Supplied material Block Start

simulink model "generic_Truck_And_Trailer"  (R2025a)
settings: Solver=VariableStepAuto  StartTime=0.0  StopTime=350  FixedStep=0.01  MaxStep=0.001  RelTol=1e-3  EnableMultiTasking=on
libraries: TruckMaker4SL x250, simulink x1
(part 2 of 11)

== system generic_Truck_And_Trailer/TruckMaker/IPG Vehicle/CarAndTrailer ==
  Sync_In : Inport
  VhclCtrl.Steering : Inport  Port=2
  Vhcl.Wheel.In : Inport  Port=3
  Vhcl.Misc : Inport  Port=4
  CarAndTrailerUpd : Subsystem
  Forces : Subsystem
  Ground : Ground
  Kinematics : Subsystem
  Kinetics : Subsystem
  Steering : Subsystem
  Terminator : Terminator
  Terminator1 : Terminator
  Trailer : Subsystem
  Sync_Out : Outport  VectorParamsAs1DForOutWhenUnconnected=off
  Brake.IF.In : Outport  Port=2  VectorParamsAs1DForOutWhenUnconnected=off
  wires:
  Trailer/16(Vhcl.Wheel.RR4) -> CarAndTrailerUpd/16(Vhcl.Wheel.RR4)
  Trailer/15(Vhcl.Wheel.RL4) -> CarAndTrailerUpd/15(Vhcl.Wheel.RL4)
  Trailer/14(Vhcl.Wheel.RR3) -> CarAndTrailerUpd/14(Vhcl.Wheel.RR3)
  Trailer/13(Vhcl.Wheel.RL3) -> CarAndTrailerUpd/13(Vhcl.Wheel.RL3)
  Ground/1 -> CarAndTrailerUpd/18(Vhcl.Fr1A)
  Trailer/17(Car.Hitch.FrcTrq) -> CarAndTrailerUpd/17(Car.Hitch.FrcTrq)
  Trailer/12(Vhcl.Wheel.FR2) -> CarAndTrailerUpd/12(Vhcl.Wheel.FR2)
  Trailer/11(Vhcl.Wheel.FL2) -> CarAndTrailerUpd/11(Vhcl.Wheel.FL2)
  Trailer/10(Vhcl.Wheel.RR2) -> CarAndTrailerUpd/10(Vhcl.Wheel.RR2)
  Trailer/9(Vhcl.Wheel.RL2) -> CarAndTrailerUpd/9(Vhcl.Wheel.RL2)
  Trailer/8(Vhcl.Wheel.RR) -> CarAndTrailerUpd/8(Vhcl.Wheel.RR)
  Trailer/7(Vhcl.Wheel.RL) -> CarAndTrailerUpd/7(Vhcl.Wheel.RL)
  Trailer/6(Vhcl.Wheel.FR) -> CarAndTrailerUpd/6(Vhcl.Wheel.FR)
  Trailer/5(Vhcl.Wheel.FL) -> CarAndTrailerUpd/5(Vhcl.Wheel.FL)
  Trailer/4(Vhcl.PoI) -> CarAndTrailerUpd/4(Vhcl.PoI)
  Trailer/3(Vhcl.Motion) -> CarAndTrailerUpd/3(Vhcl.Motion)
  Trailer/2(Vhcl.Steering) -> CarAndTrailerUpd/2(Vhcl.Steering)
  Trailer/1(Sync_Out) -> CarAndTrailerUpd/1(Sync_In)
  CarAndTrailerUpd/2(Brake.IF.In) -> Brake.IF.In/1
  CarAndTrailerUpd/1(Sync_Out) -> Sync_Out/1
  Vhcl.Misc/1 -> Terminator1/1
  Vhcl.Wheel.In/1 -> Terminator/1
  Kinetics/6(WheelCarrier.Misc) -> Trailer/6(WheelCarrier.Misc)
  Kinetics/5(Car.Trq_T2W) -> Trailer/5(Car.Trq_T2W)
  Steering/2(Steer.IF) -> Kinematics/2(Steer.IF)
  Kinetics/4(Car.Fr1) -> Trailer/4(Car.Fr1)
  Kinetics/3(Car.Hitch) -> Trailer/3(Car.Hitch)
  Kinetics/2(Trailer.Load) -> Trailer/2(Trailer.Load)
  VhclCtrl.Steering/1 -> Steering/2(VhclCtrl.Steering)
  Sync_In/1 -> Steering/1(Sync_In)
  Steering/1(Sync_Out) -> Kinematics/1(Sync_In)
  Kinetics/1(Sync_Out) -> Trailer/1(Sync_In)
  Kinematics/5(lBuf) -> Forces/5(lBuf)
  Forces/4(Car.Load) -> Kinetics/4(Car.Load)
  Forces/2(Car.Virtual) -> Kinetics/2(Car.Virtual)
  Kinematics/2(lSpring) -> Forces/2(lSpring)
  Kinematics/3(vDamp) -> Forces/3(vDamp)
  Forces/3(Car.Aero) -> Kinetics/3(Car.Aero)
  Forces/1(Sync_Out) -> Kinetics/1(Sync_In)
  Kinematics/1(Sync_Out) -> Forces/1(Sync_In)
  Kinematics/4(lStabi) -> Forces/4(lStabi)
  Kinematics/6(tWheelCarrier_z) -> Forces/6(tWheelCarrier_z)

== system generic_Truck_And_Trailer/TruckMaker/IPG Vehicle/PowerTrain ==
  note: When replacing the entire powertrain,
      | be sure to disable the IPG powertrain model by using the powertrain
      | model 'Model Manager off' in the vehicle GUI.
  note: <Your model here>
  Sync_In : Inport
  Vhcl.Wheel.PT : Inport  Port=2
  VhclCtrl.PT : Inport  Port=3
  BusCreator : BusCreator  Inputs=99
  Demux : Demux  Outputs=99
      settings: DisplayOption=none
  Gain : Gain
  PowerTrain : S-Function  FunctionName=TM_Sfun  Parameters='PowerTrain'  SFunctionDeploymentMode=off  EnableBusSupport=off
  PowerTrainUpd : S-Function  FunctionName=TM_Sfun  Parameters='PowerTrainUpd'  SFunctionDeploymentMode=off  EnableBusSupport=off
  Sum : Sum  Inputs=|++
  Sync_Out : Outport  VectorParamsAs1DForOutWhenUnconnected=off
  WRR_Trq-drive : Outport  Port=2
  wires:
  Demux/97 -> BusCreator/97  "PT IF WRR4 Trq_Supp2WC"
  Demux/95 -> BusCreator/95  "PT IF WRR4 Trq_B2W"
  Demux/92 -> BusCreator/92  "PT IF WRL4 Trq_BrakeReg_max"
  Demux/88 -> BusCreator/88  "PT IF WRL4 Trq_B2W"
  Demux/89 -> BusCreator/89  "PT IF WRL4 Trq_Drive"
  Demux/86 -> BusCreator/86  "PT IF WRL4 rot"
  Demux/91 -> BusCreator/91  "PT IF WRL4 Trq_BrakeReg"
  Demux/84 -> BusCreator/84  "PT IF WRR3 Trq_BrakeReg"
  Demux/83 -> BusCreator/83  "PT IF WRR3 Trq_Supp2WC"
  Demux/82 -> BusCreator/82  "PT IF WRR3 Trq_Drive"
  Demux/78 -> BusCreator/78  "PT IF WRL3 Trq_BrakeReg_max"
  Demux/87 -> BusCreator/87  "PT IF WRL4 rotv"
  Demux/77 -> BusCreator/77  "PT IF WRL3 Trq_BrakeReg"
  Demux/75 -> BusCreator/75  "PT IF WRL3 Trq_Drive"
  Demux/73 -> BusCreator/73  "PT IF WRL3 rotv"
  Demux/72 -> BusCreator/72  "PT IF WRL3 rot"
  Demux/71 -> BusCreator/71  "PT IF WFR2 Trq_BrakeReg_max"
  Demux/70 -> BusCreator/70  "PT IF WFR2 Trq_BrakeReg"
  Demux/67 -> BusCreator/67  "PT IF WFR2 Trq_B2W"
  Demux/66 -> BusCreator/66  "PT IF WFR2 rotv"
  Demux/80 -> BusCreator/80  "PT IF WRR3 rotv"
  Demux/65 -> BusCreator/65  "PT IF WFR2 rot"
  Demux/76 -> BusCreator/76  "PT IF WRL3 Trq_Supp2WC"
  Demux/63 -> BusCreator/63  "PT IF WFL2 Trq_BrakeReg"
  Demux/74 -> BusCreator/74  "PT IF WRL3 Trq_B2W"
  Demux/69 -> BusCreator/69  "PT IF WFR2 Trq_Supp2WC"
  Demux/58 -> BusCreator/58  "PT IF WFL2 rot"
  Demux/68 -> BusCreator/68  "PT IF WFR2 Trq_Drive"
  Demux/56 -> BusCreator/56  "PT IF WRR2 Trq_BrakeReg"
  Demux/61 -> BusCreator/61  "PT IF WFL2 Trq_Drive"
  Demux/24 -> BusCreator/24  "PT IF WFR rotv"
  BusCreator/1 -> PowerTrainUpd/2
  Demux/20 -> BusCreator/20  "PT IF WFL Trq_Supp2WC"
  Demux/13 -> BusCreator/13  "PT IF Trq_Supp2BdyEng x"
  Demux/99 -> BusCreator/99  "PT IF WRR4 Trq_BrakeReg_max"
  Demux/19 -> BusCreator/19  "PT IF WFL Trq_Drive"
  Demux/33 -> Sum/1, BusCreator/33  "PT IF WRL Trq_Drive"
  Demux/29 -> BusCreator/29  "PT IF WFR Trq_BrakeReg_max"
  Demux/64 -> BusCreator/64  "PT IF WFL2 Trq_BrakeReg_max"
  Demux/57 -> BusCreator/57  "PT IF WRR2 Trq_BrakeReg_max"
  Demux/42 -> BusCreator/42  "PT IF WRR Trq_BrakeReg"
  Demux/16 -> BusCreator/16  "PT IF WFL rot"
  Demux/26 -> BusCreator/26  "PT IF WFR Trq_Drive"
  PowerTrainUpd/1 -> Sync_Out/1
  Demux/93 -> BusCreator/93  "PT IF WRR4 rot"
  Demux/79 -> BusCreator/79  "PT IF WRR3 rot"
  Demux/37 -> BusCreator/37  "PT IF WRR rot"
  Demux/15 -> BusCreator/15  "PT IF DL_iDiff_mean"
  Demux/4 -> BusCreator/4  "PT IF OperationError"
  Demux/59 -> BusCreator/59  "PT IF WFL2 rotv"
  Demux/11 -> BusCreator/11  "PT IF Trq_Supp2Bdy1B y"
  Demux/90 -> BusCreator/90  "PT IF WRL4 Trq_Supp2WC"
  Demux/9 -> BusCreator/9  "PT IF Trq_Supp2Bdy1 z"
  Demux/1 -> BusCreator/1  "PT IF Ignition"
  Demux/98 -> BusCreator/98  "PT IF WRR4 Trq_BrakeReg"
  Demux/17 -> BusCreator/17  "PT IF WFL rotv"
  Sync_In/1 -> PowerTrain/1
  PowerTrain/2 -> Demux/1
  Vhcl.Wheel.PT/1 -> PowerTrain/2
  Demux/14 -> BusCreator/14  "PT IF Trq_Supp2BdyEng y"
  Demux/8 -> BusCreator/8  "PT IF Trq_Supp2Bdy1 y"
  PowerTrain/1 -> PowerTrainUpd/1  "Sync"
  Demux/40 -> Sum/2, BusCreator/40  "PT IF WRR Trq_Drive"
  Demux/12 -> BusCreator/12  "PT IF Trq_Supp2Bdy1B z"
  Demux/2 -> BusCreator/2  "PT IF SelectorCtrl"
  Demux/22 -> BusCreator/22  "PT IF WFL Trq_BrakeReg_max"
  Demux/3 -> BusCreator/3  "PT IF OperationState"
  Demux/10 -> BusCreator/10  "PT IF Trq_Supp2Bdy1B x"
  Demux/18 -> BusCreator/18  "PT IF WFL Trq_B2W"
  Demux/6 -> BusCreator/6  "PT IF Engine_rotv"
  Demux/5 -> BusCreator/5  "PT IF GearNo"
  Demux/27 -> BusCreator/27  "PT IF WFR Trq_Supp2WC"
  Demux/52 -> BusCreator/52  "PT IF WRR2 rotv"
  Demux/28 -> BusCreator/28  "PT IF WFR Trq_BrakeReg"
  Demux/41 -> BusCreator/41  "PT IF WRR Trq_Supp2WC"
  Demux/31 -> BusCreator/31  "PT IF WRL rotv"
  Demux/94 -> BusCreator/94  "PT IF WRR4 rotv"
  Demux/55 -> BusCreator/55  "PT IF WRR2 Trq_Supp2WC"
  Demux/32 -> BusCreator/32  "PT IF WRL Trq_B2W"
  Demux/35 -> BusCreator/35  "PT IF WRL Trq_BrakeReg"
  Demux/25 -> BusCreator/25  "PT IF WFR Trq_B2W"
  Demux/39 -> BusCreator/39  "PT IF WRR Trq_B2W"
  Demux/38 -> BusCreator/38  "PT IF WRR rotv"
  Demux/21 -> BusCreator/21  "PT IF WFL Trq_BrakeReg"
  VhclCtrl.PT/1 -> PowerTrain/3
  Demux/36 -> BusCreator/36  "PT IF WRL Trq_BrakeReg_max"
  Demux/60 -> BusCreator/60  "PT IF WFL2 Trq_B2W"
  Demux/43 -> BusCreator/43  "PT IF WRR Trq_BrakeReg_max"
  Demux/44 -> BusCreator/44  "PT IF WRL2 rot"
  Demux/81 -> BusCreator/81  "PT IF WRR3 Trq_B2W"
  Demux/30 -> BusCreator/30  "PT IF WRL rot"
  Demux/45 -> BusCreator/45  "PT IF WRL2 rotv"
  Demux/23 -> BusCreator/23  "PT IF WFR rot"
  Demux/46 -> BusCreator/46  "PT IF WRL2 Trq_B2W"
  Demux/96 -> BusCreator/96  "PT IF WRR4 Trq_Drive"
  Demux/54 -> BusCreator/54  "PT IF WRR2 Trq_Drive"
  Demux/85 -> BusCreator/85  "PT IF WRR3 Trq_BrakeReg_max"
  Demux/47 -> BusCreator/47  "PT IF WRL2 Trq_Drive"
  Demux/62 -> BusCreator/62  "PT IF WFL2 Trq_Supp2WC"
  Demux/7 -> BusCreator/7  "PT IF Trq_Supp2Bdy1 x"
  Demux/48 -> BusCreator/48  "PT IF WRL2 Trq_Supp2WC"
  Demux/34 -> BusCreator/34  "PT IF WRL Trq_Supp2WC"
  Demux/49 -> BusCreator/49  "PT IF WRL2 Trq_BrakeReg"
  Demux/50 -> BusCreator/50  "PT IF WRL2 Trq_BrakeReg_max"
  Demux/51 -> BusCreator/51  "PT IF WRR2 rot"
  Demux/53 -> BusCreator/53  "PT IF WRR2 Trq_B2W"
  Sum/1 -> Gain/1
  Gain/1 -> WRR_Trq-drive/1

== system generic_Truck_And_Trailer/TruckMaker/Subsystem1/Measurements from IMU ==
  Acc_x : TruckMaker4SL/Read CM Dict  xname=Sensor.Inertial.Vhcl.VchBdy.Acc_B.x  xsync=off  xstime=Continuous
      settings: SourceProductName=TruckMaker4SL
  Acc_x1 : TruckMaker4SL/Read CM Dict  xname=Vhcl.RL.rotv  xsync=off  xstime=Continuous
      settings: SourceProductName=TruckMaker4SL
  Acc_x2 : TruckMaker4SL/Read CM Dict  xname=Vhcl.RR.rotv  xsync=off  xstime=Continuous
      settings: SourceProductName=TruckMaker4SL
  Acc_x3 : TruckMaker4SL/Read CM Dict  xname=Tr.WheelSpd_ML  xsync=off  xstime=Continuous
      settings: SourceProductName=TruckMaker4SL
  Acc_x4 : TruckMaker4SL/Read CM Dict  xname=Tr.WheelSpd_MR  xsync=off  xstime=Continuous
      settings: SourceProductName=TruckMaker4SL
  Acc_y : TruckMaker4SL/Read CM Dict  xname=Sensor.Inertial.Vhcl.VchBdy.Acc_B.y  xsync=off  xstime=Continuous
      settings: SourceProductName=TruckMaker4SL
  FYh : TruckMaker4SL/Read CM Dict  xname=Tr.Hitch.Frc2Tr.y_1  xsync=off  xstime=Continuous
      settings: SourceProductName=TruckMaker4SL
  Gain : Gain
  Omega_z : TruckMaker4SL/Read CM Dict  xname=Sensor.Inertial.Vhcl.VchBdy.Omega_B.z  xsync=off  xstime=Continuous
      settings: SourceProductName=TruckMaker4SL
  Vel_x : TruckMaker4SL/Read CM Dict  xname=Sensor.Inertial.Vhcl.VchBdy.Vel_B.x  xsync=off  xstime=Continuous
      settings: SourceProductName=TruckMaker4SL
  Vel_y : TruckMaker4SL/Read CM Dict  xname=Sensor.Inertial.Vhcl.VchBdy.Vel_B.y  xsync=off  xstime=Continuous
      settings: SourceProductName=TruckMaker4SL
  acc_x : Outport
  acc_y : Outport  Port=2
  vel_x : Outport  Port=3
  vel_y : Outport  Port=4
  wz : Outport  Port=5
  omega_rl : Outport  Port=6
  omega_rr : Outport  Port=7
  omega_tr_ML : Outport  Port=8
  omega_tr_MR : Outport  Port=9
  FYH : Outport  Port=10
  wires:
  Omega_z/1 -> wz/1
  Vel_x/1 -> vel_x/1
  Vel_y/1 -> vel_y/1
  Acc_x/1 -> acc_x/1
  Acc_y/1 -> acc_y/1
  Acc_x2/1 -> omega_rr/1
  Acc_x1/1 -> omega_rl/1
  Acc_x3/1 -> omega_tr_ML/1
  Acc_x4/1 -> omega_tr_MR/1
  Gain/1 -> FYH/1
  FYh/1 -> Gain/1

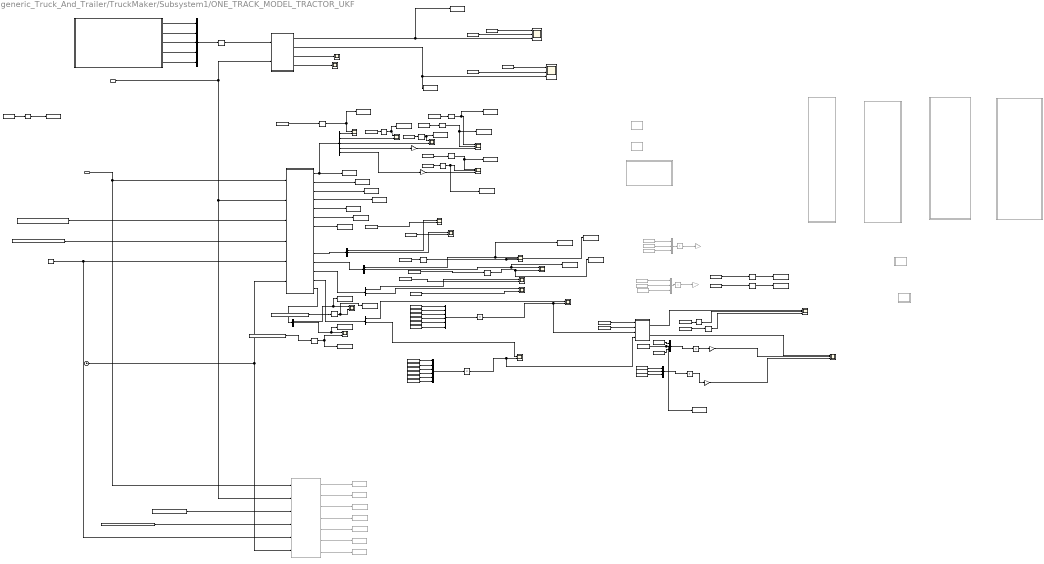
== system generic_Truck_And_Trailer/TruckMaker/Subsystem1/ONE_TRACK_MODEL_TRACTOR_UKF ==
  z : Inport
  u : Inport  Port=2
  "CF " : Scope  NumInputPorts=3
      settings: ActiveDisplayYMinimum=-12.263034323337607  ActiveDisplayYMaximum=-4.9489164501428942  DataLoggingVariableName=ScopeData23
  CF 1 : Scope  NumInputPorts=3
      settings: ActiveDisplayYMinimum=-10.797860186662938  ActiveDisplayYMaximum=-3.0037046797887497  DataLoggingVariableName=ScopeData30
  CR : Scope  NumInputPorts=3
      settings: ActiveDisplayYMinimum=-11.701585356235972  ActiveDisplayYMaximum=4.5045535239425494  DataLoggingVariableName=ScopeData24
  CR1 : Scope  NumInputPorts=3
      settings: ActiveDisplayYMinimum=-13.474282112558932  ActiveDisplayYMaximum=-8.0648262356989679  DataLoggingVariableName=ScopeData31
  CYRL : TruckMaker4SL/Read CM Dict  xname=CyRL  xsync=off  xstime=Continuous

Supplied material Block End

What is being asked — Look through the records above for the string "Steering", then copy every line that has it.

Answer —
  VhclCtrl.Steering : Inport  Port=2
  Steering : Subsystem
  Trailer/2(Vhcl.Steering) -> CarAndTrailerUpd/2(Vhcl.Steering)
  Steering/2(Steer.IF) -> Kinematics/2(Steer.IF)
  VhclCtrl.Steering/1 -> Steering/2(VhclCtrl.Steering)
  Sync_In/1 -> Steering/1(Sync_In)
  Steering/1(Sync_Out) -> Kinematics/1(Sync_In)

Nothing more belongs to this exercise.